INPUT:
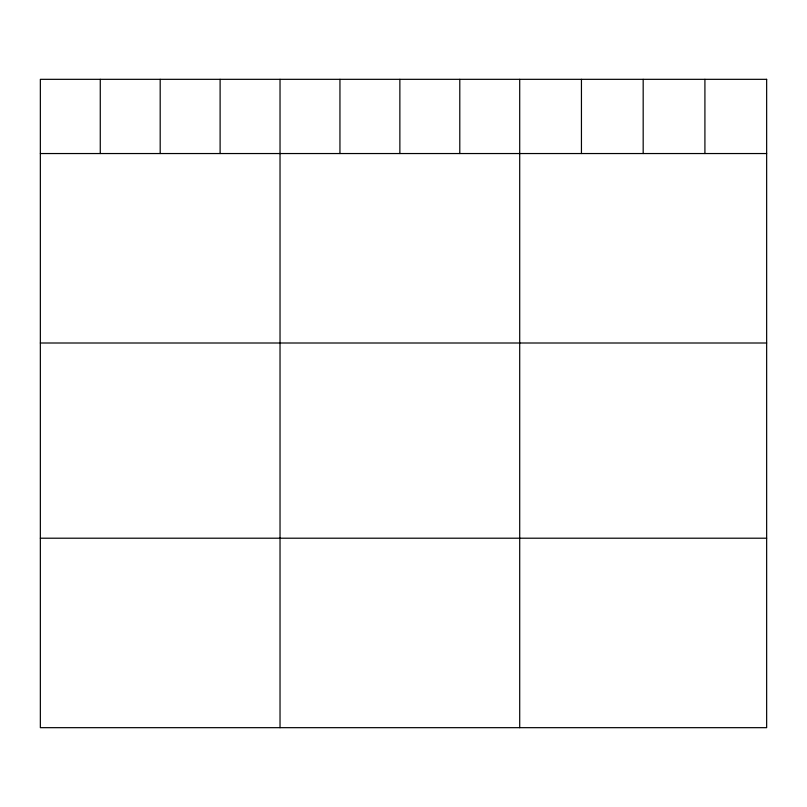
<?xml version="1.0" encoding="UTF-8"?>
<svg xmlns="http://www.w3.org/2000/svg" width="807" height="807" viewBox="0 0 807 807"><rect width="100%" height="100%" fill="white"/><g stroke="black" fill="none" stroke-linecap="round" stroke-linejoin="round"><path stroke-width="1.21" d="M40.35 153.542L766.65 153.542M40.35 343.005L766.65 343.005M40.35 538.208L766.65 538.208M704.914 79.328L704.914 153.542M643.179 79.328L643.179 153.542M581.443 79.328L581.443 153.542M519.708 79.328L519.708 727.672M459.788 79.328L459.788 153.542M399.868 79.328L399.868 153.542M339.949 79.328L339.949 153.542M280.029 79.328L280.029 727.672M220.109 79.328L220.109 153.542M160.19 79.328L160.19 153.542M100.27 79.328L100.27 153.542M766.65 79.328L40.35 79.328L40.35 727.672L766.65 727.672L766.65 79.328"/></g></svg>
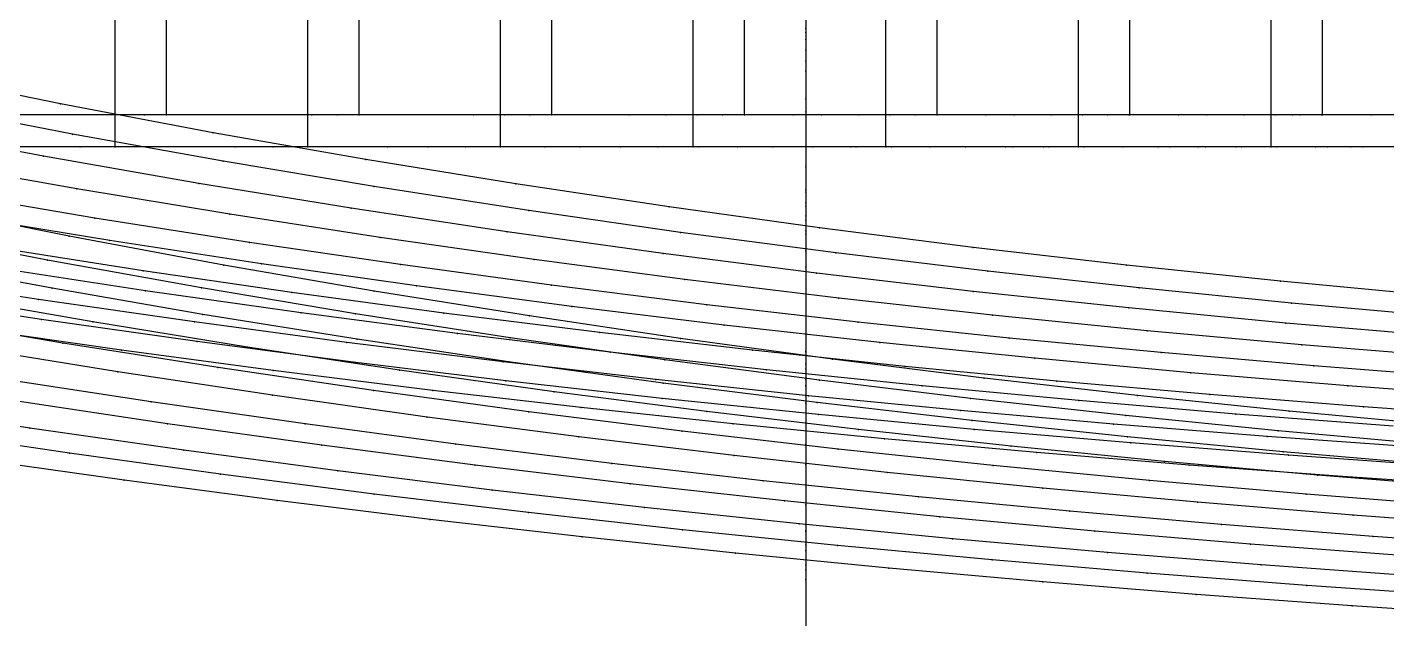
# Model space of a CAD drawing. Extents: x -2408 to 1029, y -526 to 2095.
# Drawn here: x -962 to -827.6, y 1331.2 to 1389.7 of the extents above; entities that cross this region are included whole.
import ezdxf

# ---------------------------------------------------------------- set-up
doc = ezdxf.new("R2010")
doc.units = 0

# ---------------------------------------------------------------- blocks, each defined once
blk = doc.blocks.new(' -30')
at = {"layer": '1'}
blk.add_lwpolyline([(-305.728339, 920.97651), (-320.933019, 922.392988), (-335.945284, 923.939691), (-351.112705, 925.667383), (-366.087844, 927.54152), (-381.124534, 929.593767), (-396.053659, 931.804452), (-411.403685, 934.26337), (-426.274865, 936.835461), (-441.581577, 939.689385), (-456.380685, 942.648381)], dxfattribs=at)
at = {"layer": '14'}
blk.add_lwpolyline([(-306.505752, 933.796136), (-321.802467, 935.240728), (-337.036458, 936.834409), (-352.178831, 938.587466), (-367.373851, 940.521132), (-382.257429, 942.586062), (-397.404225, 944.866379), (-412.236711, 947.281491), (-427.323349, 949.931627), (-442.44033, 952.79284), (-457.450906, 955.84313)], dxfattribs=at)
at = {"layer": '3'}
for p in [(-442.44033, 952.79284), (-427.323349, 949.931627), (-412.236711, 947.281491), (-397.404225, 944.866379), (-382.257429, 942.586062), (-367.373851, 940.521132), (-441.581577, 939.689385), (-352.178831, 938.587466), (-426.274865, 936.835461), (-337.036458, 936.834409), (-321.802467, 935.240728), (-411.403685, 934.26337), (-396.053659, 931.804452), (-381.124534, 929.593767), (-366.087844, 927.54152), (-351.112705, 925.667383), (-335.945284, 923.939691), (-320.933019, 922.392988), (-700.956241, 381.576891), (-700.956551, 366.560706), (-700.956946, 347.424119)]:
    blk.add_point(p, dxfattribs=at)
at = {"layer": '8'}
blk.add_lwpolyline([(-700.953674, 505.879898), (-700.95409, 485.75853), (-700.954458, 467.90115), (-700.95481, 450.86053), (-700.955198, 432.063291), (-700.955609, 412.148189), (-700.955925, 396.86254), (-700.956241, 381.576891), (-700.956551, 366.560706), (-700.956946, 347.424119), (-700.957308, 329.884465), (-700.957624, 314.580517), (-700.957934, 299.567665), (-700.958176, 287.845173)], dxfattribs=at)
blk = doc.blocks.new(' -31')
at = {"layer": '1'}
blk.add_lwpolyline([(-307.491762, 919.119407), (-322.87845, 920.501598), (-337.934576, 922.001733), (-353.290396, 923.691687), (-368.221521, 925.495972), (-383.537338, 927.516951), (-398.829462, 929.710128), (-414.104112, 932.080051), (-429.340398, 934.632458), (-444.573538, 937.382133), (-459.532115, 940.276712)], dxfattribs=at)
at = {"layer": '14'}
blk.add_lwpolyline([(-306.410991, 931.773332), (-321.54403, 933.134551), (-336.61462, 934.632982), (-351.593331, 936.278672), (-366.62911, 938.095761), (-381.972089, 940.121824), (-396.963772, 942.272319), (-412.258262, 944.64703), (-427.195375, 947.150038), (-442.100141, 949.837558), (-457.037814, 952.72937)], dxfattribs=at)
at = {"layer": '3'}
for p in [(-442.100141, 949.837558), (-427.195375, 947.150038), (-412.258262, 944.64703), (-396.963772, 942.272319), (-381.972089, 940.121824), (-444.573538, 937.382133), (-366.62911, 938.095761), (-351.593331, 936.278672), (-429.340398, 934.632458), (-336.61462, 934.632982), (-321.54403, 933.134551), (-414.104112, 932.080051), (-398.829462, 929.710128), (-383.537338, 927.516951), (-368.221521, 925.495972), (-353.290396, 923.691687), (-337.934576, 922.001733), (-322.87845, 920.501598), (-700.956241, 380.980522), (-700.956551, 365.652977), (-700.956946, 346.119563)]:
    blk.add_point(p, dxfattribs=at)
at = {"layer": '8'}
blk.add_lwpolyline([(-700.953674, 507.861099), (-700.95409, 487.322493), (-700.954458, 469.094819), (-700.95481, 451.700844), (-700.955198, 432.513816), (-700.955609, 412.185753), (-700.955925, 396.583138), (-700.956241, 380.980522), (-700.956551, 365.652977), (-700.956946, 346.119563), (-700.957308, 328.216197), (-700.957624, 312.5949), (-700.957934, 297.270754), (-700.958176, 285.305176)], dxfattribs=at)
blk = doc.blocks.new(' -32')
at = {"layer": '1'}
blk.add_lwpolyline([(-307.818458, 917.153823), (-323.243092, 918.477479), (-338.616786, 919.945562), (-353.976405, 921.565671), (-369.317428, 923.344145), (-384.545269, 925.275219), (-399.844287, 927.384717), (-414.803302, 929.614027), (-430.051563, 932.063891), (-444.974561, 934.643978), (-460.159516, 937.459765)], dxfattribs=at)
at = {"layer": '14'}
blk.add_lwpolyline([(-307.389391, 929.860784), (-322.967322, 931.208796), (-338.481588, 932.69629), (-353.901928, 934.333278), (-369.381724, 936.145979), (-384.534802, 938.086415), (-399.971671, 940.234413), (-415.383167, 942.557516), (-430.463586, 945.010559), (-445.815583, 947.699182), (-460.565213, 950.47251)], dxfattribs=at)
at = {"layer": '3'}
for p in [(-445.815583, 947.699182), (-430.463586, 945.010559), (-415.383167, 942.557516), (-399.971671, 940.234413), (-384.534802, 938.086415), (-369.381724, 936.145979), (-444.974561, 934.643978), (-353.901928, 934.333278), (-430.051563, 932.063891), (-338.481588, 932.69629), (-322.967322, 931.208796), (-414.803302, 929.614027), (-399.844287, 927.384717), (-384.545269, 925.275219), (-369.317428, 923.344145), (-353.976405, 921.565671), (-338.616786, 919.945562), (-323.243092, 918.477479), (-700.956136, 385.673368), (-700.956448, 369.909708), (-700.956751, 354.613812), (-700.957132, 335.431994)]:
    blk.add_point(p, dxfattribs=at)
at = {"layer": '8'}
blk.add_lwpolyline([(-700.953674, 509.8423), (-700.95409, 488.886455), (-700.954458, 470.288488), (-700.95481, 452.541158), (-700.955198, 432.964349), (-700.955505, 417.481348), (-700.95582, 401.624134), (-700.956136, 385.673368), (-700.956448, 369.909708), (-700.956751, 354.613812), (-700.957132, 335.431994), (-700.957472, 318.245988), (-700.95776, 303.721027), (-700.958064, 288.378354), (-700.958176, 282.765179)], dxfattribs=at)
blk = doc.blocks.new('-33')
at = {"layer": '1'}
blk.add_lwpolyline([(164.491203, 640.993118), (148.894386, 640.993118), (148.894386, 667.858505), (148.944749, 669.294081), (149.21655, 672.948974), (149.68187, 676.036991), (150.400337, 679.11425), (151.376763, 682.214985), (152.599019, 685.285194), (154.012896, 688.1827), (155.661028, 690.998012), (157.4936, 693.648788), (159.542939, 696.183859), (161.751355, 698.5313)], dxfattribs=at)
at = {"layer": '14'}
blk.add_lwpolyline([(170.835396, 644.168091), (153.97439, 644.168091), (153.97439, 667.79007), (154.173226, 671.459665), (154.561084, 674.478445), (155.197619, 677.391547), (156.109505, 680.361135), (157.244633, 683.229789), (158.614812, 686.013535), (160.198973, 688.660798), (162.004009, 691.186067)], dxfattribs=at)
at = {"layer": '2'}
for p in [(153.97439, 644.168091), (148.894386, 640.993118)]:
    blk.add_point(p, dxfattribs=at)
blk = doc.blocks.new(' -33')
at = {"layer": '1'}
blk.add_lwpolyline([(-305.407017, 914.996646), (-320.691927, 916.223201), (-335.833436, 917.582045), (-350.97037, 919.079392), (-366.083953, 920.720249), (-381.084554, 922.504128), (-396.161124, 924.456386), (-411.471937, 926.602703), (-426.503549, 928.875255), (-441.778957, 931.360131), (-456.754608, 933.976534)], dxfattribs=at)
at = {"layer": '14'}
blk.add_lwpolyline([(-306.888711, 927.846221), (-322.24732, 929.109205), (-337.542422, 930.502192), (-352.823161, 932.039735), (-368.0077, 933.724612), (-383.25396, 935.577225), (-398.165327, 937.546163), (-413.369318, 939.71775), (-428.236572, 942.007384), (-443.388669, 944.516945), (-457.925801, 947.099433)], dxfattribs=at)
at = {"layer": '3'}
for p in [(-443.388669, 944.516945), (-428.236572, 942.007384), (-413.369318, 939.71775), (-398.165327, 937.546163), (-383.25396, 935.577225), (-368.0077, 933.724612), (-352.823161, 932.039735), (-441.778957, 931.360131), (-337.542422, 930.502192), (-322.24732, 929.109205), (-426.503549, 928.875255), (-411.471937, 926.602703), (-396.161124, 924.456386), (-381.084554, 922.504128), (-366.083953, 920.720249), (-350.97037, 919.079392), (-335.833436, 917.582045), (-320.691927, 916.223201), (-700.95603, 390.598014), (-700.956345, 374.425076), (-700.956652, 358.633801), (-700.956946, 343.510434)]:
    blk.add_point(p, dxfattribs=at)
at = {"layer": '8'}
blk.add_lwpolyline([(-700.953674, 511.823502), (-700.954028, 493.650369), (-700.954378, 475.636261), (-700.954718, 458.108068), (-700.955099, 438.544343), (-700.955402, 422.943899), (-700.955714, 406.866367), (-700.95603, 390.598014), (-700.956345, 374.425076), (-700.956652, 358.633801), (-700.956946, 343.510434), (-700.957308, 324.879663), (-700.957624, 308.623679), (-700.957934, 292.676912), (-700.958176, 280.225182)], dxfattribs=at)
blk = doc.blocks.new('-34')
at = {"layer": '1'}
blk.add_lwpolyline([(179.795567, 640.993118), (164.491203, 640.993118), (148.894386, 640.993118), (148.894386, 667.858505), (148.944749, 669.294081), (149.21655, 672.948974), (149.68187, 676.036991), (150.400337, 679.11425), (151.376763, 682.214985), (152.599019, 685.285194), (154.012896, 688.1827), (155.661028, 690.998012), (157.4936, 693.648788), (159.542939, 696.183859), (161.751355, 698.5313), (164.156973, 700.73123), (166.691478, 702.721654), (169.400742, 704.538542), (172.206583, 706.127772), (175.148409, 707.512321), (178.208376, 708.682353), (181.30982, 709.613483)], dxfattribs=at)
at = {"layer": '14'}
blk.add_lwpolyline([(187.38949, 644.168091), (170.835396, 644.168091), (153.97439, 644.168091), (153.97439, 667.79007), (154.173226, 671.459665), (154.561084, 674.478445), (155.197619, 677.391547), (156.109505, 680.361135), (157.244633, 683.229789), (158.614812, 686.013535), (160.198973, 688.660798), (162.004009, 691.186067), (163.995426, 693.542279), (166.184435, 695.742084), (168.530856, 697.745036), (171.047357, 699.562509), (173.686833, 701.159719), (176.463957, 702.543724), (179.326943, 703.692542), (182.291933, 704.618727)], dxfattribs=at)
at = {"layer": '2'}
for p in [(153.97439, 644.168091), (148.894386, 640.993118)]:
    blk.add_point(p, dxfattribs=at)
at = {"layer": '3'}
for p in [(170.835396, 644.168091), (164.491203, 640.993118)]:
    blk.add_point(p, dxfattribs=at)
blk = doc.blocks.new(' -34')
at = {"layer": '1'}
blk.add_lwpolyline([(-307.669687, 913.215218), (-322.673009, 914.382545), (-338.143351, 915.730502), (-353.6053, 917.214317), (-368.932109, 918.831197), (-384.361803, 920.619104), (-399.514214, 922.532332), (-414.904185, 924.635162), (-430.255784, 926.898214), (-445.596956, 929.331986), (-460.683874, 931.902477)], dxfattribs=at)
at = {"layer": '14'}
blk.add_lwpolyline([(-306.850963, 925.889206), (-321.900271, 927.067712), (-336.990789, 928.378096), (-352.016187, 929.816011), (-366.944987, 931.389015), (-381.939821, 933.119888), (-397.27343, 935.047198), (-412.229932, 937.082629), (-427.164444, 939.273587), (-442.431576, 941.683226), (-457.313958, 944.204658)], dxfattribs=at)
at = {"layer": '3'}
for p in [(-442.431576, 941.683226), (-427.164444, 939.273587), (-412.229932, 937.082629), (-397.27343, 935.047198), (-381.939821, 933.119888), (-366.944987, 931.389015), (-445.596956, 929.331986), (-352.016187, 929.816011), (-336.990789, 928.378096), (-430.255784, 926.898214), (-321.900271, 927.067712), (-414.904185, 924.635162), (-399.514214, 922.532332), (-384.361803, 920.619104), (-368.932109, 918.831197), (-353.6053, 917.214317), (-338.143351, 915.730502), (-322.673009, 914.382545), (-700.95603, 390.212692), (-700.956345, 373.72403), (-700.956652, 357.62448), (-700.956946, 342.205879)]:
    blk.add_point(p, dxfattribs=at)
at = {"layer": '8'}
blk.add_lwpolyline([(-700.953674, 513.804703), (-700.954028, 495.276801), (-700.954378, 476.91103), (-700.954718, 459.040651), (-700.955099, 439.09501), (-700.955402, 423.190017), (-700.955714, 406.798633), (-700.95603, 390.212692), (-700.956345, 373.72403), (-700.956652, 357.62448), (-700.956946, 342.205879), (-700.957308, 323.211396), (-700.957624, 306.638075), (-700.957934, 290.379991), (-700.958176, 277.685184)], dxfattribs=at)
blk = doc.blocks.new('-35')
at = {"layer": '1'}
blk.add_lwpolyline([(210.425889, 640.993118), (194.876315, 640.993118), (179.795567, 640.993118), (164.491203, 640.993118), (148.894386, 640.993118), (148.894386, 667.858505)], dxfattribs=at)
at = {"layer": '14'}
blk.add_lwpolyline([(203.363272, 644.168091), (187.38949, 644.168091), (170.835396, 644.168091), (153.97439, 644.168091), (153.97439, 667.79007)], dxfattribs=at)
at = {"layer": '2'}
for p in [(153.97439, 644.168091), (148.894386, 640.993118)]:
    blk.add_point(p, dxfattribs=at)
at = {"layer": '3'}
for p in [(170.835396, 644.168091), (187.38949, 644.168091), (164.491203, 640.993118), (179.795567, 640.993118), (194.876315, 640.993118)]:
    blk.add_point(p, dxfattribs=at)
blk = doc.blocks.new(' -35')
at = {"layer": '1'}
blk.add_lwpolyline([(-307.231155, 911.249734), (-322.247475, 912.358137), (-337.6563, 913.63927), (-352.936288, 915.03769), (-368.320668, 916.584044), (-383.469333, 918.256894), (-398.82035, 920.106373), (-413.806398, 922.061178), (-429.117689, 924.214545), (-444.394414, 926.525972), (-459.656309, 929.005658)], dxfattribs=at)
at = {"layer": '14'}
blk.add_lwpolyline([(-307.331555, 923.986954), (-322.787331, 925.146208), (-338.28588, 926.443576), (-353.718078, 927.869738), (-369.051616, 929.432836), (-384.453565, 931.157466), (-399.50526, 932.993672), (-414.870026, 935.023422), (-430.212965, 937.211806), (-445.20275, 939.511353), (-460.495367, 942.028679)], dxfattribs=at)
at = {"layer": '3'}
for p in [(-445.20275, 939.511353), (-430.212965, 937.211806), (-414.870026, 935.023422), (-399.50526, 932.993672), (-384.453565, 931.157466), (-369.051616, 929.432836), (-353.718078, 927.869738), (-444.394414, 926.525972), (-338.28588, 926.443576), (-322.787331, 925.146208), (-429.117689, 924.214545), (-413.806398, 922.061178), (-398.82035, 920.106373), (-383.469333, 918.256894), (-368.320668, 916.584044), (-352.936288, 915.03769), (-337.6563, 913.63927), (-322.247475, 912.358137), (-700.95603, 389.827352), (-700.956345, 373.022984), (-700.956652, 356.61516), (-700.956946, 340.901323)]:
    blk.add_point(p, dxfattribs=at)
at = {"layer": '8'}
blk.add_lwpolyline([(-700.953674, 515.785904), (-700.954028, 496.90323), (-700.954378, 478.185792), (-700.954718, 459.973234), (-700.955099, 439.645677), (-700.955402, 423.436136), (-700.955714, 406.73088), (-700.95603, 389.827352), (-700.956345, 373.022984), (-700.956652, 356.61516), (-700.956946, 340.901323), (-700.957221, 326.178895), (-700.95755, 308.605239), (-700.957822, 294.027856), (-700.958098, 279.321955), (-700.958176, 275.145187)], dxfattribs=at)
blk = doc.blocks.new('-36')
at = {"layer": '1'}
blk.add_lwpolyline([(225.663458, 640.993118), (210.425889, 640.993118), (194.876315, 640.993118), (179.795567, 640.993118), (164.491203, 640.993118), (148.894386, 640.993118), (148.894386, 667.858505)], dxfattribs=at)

EXERCISE DIRECTIONS: A copy of each line in the data above that holds the string "blocks" is needed.

OUTPUT FOR THIS EXERCISE:
# ---------------------------------------------------------------- blocks, each defined once
blk = doc.blocks.new(' -30')
blk = doc.blocks.new(' -31')
blk = doc.blocks.new(' -32')
blk = doc.blocks.new('-33')
blk = doc.blocks.new(' -33')
blk = doc.blocks.new('-34')
blk = doc.blocks.new(' -34')
blk = doc.blocks.new('-35')
blk = doc.blocks.new(' -35')
blk = doc.blocks.new('-36')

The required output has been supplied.